HPLC-LTQ orbitrap mass spectrometry-based molecular networking for identifying anthelmintic molecules in Morinda lucida Benth

• Published in: South African journal of botany Vol. 161; pp. 53 - 65
• Main Authors: Tchetan, Esaïe, Ortiz, Sergio, Hughes, Kristelle, Olounladé, Pascal Abiodoun, Laurent, Patrick, Azando, Erick Virgile Bertrand, Herent, Marie-France, Hounzangbe-Adote, Sylvie Mawule, Houinato, Marcel Romuald Benjamin, Gbaguidi, Fernand Ahokanou, Quetin-Leclercq, Joëlle
• Format: Journal Article
• Language: English
• Published: Elsevier B.V 01.10.2023
• Subjects: Bioactivity-based approach; Cytotoxicity; Haemonchus contortus; Molecular networking; Morinda lucida; Haemonchus contortus; Molecular networking; Cytotoxicity; Bioactivity-based approach; Morinda lucida
• ISSN: 0254-6299; 1727-9321
• DOI: 10.1016/j.sajb.2023.08.002

•Anthelmintic and cytotoxic activity of Morinda lucida leaf extracts were determined.•Sixteen compounds were identified using HPLC-MS/MS and Molecular Networking methods.•Ten of the compounds were identified for the first time in M. lucida.•Bioactivity-Based approach was used to predict potentially active compounds.

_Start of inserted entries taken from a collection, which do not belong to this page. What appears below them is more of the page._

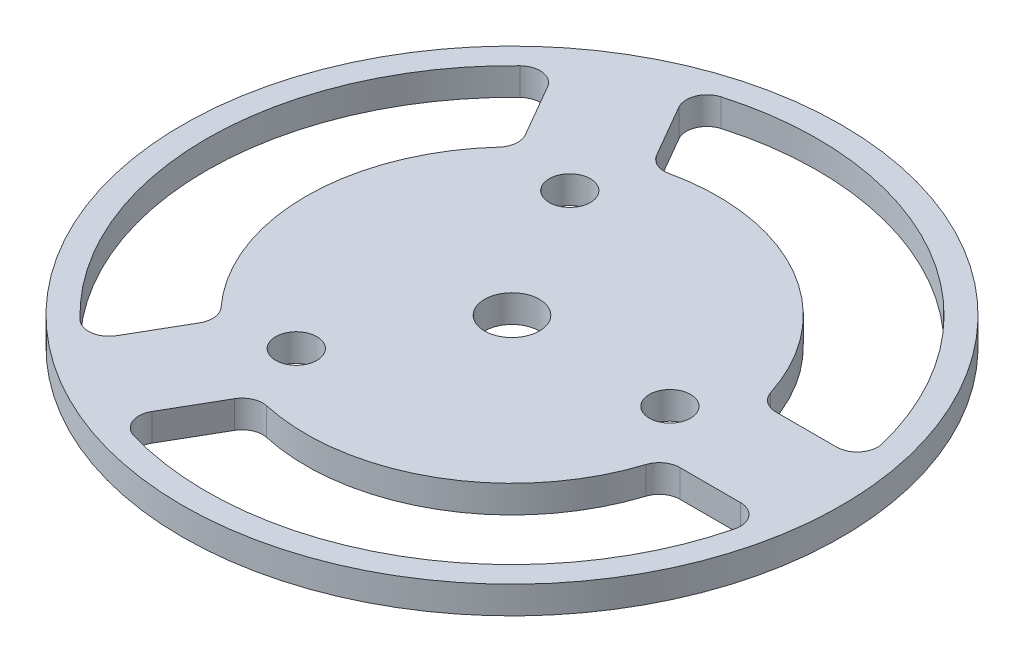
SolidWorks part; units mm, degrees
material "1060 Alloy"
ref_plane "Front Plane" through (0, 0, 0) normal (0, 0, 1) x (1, 0, 0)
ref_plane "Top Plane" through (0, 0, 0) normal (0, 1, 0) x (1, 0, 0)
ref_plane "Right Plane" through (0, 0, 0) normal (1, 0, 0) x (0, 0, -1)
sketch "Sketch1" plane through (0, 0, 0) normal (0, 1, 0) x (1, 0, 0)
  circle A0 centre (0, 0) radius 2
  circle A2 centre (0, 0) radius 24
  circle A3 centre (11.5, 0) radius 1.5
  circle A4 centre (-5.75, -9.9593) radius 1.5
  circle A5 centre (-5.75, 9.9593) radius 1.5
  point P13 (0, 0)
  dimension "D1" = 4
  dimension "D3" = 48
  dimension "D4" = 3
  dimension "D5" = 11.5
  dimension "D6" = 3
extrude "Boss-Extrude1" add sketch "Sketch1" along normal blind 2
sketch "Sketch2" plane through (0, 2, 0) normal (0, 1, 0) x (1, 0, 0)
  line L0 (21.973, 3.5) -> (14.586, 3.5)
  line L1 (21.973, -3.5) -> (14.586, -3.5)
  line L2 (-7.9554, -20.7792) -> (-4.2619, -14.3818)
  line L3 (-14.0176, -17.2792) -> (-10.3241, -10.8818)
  line L4 (-14.0176, 17.2792) -> (-10.3241, 10.8818)
  line L5 (-7.9554, 20.7792) -> (-4.2619, 14.3818)
  arc A0 (-14.0176, 17.2792) -> (-14.0176, -17.2792) centre (0, 0) ccw
  arc A1 (-10.3241, 10.8818) -> (-10.3241, -10.8818) centre (0, 0) ccw
  circle A2 centre (11.5, 0) radius 1.5 construction
  arc A3 (-4.2619, -14.3818) -> (14.586, -3.5) centre (0, 0) ccw
  arc A4 (-7.9554, -20.7792) -> (21.973, -3.5) centre (0, 0) ccw
  arc A5 (14.586, 3.5) -> (-4.2619, 14.3818) centre (0, 0) ccw
  arc A6 (21.973, 3.5) -> (-7.9554, 20.7792) centre (0, 0) ccw
  point P20 (0, 0)
  dimension "D1" = 44.5
  dimension "D2" = 30
  dimension "D3" = 3.5
  dimension "D4" = 3.5
  dimension "D5" = 3
extrude "Cut-Extrude1" cut sketch "Sketch2" against normal blind 2
fillet "Fillet1" radius 1.5 12 edges at (-4.2619, 1, 14.3818) (-7.9554, 1, -20.7792) (14.586, 1, 3.5) (21.973, 1, -3.5) (-14.0176, 1, 17.2792) (-4.2619, 1, -14.3818) (14.586, 1, -3.5) (-7.9554, 1, 20.7792) (21.973, 1, 3.5) (-10.3241, 1, 10.8818) (-10.3241, 1, -10.8818) (-14.0176, 1, -17.2792)
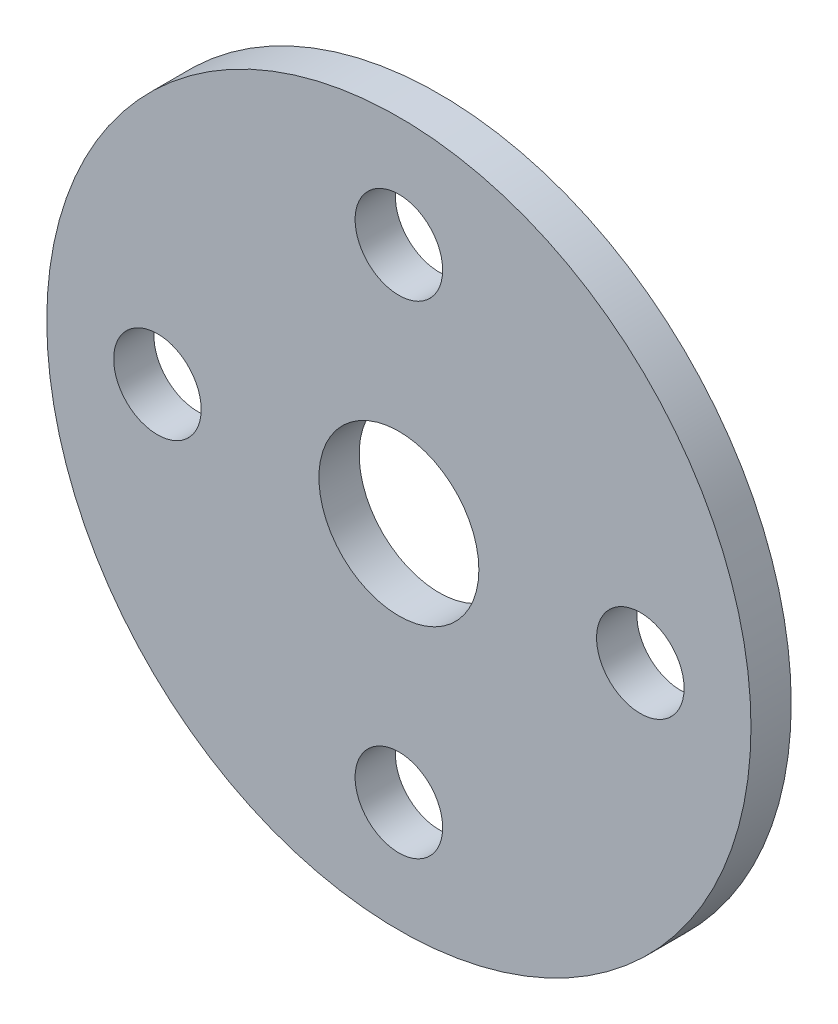
SolidWorks part; units mm, degrees
ref_plane "Front Plane" through (0, 0, 0) normal (0, 0, 1) x (1, 0, 0)
ref_plane "Top Plane" through (0, 0, 0) normal (0, 1, 0) x (1, 0, 0)
ref_plane "Right Plane" through (0, 0, 0) normal (1, 0, 0) x (0, 0, -1)
sketch "Sketch1" plane through (0, 0, 0) normal (0, 0, 1) x (1, 0, 0)
  circle A0 centre (0, 0) radius 17.5
  circle A2 centre (12, 0) radius 2.175
  circle A3 centre (0, 12) radius 2.175
  circle A4 centre (-12, 0) radius 2.175
  circle A5 centre (0, -12) radius 2.175
  circle A6 centre (0, 0) radius 3.975
  dimension "D1" = 4.35
  dimension "D2" = 4.35
  dimension "D3" = 4.35
  dimension "D4" = 4.35
  dimension "D5" = 7.95
extrude "Boss-Extrude1" add sketch "Sketch1" along normal blind 2
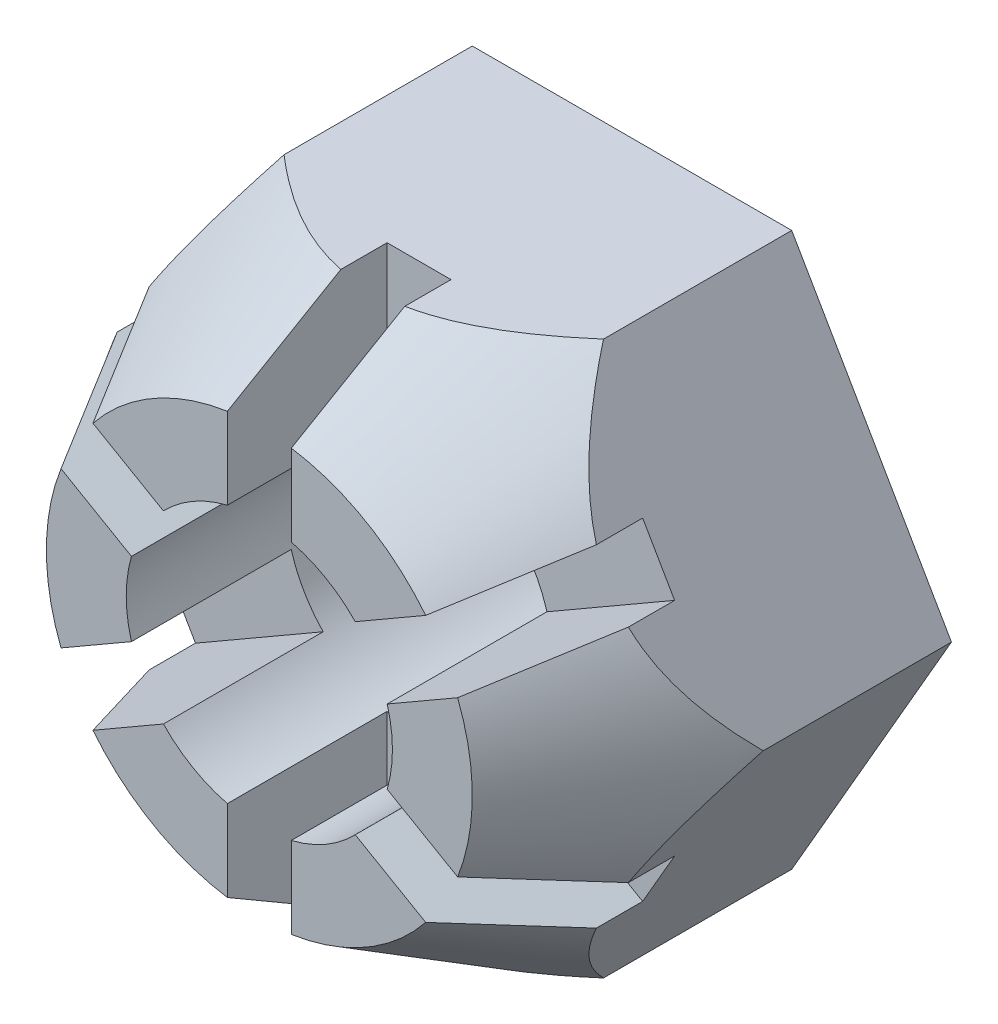
SolidWorks part; units mm, degrees
ref_plane "Front Plane" through (0, 0, 0) normal (0, 0, 1) x (1, 0, 0)
ref_plane "Top Plane" through (0, 0, 0) normal (0, 1, 0) x (1, 0, 0)
ref_plane "Right Plane" through (0, 0, 0) normal (1, 0, 0) x (0, 0, -1)
sketch "Sketch1" plane through (0, 0, 0) normal (0, 0, 1) x (1, 0, 0)
  line L2 (60, 0) -> (30, 51.9615)
  line L3 (30, 51.9615) -> (-30, 51.9615)
  line L4 (-30, 51.9615) -> (-60, 0)
  line L5 (-60, 0) -> (-30, -51.9615)
  line L6 (-30, -51.9615) -> (30, -51.9615)
  line L7 (30, -51.9615) -> (60, 0)
  circle A0 centre (0, 0) radius 51.9615 construction
  dimension "120" = 120
extrude "Boss-Extrude1" add sketch "Sketch1" along normal blind 70
sketch "Sketch2" plane through (0, 0, 70) normal (0, 0, 1) x (1, 0, 0)
  circle A0 centre (0, 0) radius 25
  dimension "50" = 50
extrude "Cut-Extrude1" cut sketch "Sketch2" against normal through all
cosmetic thread "Cosmetic Thread1" parameters "D2"=56
sketch "Sketch3" plane through (0, 0, 70) normal (0, 0, 1) x (1, 0, 0)
  circle A0 centre (0, 0) radius 40
  dimension "D1" = 80
extrude "Cut-Extrude2" cut sketch "Sketch3" against normal blind 70 draft 30 flip side to cut
sketch "Sketch6" plane through (0, 0, 70) normal (0, 0, 1) x (1, 0, 0)
  line L1 (6, -53.1106) -> (-6, -53.1106)
  line L2 (6, -53.1106) -> (6, -24.2693)
  line L3 (6, -24.2693) -> (-6, -24.2693)
  line L4 (-6, -53.1106) -> (-6, -24.2693)
  line L5 (6, -53.1106) -> (-6, -24.2693) construction
  line L6 (6, -24.2693) -> (-6, -53.1106) construction
  circle A0 centre (0, 0) radius 25 construction
  point P0 (0, -38.69)
  dimension "D1" = 12
extrude "Cut-Extrude3" cut sketch "Sketch6" against normal blind 30
pattern_circular "CirPattern1" count 6 over 360 about axis through (0, 0, 0) along (0, 0, 1) of "Cut-Extrude3"

Morinda lucida Benth (Rubiaceae) is a medicinal plant traditionally used to treat malaria and digestive parasitosis. In vitro pharmacological studies have shown that extracts of the plant were very active against nematodes. The aim of our work was to identify the compounds responsible for the anthelmintic activity of M. lucida. To achieve this, the leaf MeOH extract was fractionated and the anthelmintic activity of the fractions was evaluated on Haemonchus contortus and Caenorhabditis elegans and their cytotoxicity was evaluated on WI38 cells. The fractions were analyzed by HPLC-HRMS/MS and manual dereplication was coupled to molecular networking to identify the major compounds in the most active fractions. The results showed that three fractions, F8, F11 and F13 were the most active on both nematode models and less cytotoxic. In total, sixteen different compounds were putatively identified in these three fractions, 9 in F8, 12 in F11 and 12 in F13, as some are present in different fractions. Among these compounds, ten were identified for the first time in M. lucida. These are mainly iridoids including loganic acid (2) and isomer (4), methoxygaertneroside or isomer (14), dehydromethoxygaertneroside or isomer (18), borreriagenin (3) and isomer (5). We also identified flavonoids including rutin pentoside (10), kaempferol-3-O-rutinoside pentoside (12), and kaempferol-3-O-rutinoside (15). The Bioactivity-Based approach identified loganic acid or isomer I (2), asperulosidic acid or isomer (6), methoxygaertneroside or isomer (14), and kaempferol-3-O-rutinoside or isomer (15) as potential compounds responsible for the anthelmintic activity of the three fractions. However, it seems necessary to quantify them and evaluate the anthelmintic activity of each of these compounds in order to confirm the results of the Bioactivity-Based approach and to identify potential new anthelmintic molecules to prevent resistance development. Furthermore, possible synergy between them has also to be analyzed.